Take the lines of the data below from the very first through the line containing "line L32 (7.5, 43.1999)" and output them exactly, pictures excluded.

-=-=-

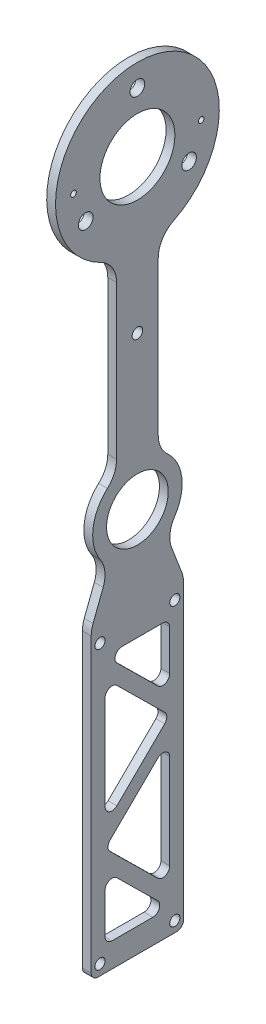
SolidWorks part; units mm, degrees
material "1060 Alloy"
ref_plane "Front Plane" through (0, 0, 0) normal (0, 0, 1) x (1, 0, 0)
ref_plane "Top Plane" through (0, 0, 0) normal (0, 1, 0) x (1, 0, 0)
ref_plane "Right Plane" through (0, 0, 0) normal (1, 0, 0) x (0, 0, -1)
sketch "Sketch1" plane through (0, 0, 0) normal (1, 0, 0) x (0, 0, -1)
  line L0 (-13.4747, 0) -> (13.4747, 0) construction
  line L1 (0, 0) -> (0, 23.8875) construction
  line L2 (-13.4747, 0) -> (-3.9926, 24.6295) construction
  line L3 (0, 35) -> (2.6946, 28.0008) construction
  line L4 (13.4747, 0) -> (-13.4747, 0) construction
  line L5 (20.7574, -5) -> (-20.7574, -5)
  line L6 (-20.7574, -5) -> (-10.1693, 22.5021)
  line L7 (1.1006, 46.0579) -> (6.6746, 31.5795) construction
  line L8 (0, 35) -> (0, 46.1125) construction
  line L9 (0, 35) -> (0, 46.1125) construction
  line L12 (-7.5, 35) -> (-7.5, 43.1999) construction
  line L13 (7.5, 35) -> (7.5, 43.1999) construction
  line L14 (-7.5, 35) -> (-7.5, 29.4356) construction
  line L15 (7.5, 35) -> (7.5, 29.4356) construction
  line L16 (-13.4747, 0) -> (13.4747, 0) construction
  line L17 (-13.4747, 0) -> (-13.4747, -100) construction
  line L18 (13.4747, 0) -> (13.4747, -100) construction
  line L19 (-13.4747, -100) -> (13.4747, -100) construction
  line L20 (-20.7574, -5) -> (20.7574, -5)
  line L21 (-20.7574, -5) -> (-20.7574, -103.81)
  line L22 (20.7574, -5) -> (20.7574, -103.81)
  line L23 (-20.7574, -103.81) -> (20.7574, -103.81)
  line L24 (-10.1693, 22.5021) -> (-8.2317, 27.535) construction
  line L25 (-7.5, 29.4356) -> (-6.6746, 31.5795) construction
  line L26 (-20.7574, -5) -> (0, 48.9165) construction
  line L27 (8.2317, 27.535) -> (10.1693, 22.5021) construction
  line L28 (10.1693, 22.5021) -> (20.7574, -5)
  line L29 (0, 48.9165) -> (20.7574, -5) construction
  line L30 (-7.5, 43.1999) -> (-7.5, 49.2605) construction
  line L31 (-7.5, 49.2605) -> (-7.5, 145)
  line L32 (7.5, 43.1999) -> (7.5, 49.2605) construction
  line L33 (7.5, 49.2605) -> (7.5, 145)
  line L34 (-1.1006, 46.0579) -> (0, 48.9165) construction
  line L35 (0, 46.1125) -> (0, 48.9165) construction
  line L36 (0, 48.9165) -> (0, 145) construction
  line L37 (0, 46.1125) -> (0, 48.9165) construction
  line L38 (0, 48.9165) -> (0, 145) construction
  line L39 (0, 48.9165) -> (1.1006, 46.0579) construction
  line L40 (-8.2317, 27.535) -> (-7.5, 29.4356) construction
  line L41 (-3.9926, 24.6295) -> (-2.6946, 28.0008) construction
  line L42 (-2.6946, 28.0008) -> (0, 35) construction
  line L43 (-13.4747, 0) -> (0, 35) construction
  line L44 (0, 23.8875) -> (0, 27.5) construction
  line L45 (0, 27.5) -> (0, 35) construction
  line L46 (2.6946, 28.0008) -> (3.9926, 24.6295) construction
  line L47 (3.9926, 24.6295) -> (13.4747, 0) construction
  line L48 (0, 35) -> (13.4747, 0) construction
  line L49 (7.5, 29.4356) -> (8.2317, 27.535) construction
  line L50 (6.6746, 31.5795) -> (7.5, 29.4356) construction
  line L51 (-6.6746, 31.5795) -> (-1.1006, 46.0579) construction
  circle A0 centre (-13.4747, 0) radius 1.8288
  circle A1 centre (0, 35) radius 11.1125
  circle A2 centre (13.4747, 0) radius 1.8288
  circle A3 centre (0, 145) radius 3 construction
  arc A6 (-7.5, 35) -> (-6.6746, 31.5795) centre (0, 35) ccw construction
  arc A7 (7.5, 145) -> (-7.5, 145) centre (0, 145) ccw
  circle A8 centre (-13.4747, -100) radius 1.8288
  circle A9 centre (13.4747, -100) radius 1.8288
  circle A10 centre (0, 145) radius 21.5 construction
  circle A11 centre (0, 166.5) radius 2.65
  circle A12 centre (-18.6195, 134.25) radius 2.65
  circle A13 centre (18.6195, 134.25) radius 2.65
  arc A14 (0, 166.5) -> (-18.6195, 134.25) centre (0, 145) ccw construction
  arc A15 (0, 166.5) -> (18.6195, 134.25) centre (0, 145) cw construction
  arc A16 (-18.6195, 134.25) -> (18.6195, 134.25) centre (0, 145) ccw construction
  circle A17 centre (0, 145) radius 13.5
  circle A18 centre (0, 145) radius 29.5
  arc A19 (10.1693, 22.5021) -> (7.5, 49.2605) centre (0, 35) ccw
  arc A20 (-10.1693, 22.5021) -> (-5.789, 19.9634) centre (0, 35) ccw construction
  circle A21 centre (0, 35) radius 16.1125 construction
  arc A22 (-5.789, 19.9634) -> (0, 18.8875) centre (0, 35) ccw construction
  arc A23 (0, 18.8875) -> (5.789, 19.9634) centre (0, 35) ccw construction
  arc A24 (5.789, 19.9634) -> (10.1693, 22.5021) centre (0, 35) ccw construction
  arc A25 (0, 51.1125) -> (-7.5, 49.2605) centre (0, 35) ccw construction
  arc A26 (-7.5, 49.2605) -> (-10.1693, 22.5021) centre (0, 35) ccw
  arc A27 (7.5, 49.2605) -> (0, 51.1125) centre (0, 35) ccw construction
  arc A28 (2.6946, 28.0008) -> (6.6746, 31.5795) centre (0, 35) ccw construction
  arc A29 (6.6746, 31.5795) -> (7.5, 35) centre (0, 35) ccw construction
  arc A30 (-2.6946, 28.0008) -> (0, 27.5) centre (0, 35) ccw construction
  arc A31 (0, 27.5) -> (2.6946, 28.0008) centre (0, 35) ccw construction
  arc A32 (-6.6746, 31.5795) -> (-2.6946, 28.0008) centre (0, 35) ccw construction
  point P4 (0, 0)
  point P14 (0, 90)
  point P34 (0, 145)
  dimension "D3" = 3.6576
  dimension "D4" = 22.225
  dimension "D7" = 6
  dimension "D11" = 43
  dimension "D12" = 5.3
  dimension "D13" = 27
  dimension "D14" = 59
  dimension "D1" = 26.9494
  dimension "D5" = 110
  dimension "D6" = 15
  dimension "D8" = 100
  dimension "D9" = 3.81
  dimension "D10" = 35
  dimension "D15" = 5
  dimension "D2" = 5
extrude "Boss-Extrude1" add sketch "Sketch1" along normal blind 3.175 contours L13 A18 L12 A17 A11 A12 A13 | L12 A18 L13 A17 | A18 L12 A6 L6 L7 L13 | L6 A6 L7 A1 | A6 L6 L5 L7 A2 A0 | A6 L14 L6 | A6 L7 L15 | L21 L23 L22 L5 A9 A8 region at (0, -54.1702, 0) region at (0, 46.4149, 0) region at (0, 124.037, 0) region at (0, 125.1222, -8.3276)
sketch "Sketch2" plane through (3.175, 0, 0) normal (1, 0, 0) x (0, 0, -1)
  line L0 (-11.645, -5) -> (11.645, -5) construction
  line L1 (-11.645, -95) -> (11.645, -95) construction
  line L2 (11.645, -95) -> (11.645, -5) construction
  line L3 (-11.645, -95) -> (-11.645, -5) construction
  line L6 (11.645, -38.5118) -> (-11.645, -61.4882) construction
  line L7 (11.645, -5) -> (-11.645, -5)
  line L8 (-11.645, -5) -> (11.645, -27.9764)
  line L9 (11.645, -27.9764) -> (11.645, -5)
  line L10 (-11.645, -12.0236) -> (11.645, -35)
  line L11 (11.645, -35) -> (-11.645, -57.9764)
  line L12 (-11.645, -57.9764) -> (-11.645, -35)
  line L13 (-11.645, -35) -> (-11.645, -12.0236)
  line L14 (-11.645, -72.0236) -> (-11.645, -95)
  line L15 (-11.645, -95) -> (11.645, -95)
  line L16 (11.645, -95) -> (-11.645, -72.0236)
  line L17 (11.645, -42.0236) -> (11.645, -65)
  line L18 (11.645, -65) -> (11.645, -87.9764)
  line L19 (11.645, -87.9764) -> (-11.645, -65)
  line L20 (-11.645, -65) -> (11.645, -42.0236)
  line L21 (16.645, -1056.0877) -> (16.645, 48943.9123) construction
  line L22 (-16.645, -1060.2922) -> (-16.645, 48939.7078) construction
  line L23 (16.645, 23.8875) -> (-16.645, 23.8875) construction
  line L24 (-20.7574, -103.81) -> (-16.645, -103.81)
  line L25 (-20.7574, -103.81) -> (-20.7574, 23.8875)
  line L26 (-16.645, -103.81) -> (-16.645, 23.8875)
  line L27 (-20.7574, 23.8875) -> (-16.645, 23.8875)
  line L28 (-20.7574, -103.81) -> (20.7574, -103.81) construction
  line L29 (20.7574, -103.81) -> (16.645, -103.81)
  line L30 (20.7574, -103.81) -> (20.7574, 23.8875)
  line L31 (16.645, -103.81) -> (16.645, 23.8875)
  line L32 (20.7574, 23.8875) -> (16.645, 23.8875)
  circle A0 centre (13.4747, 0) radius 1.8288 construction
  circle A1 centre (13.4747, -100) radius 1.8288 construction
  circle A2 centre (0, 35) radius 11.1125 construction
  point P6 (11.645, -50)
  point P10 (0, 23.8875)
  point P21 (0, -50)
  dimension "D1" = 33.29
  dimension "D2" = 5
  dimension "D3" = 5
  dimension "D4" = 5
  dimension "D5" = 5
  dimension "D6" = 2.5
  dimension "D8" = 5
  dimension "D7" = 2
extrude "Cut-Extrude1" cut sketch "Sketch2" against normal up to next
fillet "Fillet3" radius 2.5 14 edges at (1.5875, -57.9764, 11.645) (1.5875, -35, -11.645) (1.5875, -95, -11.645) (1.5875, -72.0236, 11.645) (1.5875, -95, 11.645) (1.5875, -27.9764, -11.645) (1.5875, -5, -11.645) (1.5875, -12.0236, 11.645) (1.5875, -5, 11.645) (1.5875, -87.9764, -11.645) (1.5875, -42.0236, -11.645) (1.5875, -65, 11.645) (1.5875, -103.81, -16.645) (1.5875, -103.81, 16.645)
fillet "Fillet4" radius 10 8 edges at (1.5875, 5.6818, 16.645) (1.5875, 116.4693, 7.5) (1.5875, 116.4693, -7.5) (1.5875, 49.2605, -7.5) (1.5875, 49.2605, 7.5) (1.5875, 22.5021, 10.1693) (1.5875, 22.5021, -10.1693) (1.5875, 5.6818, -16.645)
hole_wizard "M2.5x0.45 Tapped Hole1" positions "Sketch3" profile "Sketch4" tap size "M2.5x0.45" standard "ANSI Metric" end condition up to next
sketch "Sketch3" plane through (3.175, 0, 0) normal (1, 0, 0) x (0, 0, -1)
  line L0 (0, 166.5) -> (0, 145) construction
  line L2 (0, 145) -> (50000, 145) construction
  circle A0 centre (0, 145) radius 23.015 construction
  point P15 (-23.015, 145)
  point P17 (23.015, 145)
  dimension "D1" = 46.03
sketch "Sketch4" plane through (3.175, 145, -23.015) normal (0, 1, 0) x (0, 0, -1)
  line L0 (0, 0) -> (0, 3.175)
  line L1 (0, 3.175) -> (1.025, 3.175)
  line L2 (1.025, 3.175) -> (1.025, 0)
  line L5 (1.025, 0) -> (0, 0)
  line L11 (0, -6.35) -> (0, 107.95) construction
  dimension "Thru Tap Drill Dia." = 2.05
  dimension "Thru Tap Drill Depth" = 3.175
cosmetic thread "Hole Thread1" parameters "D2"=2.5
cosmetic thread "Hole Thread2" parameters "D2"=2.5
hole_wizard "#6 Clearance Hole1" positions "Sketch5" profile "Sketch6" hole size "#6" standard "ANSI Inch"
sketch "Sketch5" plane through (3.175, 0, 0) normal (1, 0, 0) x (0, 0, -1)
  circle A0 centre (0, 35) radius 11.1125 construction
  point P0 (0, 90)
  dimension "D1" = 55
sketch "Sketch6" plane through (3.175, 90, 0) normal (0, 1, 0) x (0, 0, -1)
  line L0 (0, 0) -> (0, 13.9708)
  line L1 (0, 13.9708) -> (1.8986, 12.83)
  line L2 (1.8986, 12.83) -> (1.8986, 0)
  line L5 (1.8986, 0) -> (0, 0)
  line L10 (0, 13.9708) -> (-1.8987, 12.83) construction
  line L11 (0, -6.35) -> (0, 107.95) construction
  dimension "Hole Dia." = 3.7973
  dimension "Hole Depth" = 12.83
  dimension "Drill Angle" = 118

-=-=-

__ANSWER SPACE__.
SolidWorks part; units mm, degrees
material "1060 Alloy"
ref_plane "Front Plane" through (0, 0, 0) normal (0, 0, 1) x (1, 0, 0)
ref_plane "Top Plane" through (0, 0, 0) normal (0, 1, 0) x (1, 0, 0)
ref_plane "Right Plane" through (0, 0, 0) normal (1, 0, 0) x (0, 0, -1)
sketch "Sketch1" plane through (0, 0, 0) normal (1, 0, 0) x (0, 0, -1)
  line L0 (-13.4747, 0) -> (13.4747, 0) construction
  line L1 (0, 0) -> (0, 23.8875) construction
  line L2 (-13.4747, 0) -> (-3.9926, 24.6295) construction
  line L3 (0, 35) -> (2.6946, 28.0008) construction
  line L4 (13.4747, 0) -> (-13.4747, 0) construction
  line L5 (20.7574, -5) -> (-20.7574, -5)
  line L6 (-20.7574, -5) -> (-10.1693, 22.5021)
  line L7 (1.1006, 46.0579) -> (6.6746, 31.5795) construction
  line L8 (0, 35) -> (0, 46.1125) construction
  line L9 (0, 35) -> (0, 46.1125) construction
  line L12 (-7.5, 35) -> (-7.5, 43.1999) construction
  line L13 (7.5, 35) -> (7.5, 43.1999) construction
  line L14 (-7.5, 35) -> (-7.5, 29.4356) construction
  line L15 (7.5, 35) -> (7.5, 29.4356) construction
  line L16 (-13.4747, 0) -> (13.4747, 0) construction
  line L17 (-13.4747, 0) -> (-13.4747, -100) construction
  line L18 (13.4747, 0) -> (13.4747, -100) construction
  line L19 (-13.4747, -100) -> (13.4747, -100) construction
  line L20 (-20.7574, -5) -> (20.7574, -5)
  line L21 (-20.7574, -5) -> (-20.7574, -103.81)
  line L22 (20.7574, -5) -> (20.7574, -103.81)
  line L23 (-20.7574, -103.81) -> (20.7574, -103.81)
  line L24 (-10.1693, 22.5021) -> (-8.2317, 27.535) construction
  line L25 (-7.5, 29.4356) -> (-6.6746, 31.5795) construction
  line L26 (-20.7574, -5) -> (0, 48.9165) construction
  line L27 (8.2317, 27.535) -> (10.1693, 22.5021) construction
  line L28 (10.1693, 22.5021) -> (20.7574, -5)
  line L29 (0, 48.9165) -> (20.7574, -5) construction
  line L30 (-7.5, 43.1999) -> (-7.5, 49.2605) construction
  line L31 (-7.5, 49.2605) -> (-7.5, 145)
  line L32 (7.5, 43.1999) -> (7.5, 49.2605) construction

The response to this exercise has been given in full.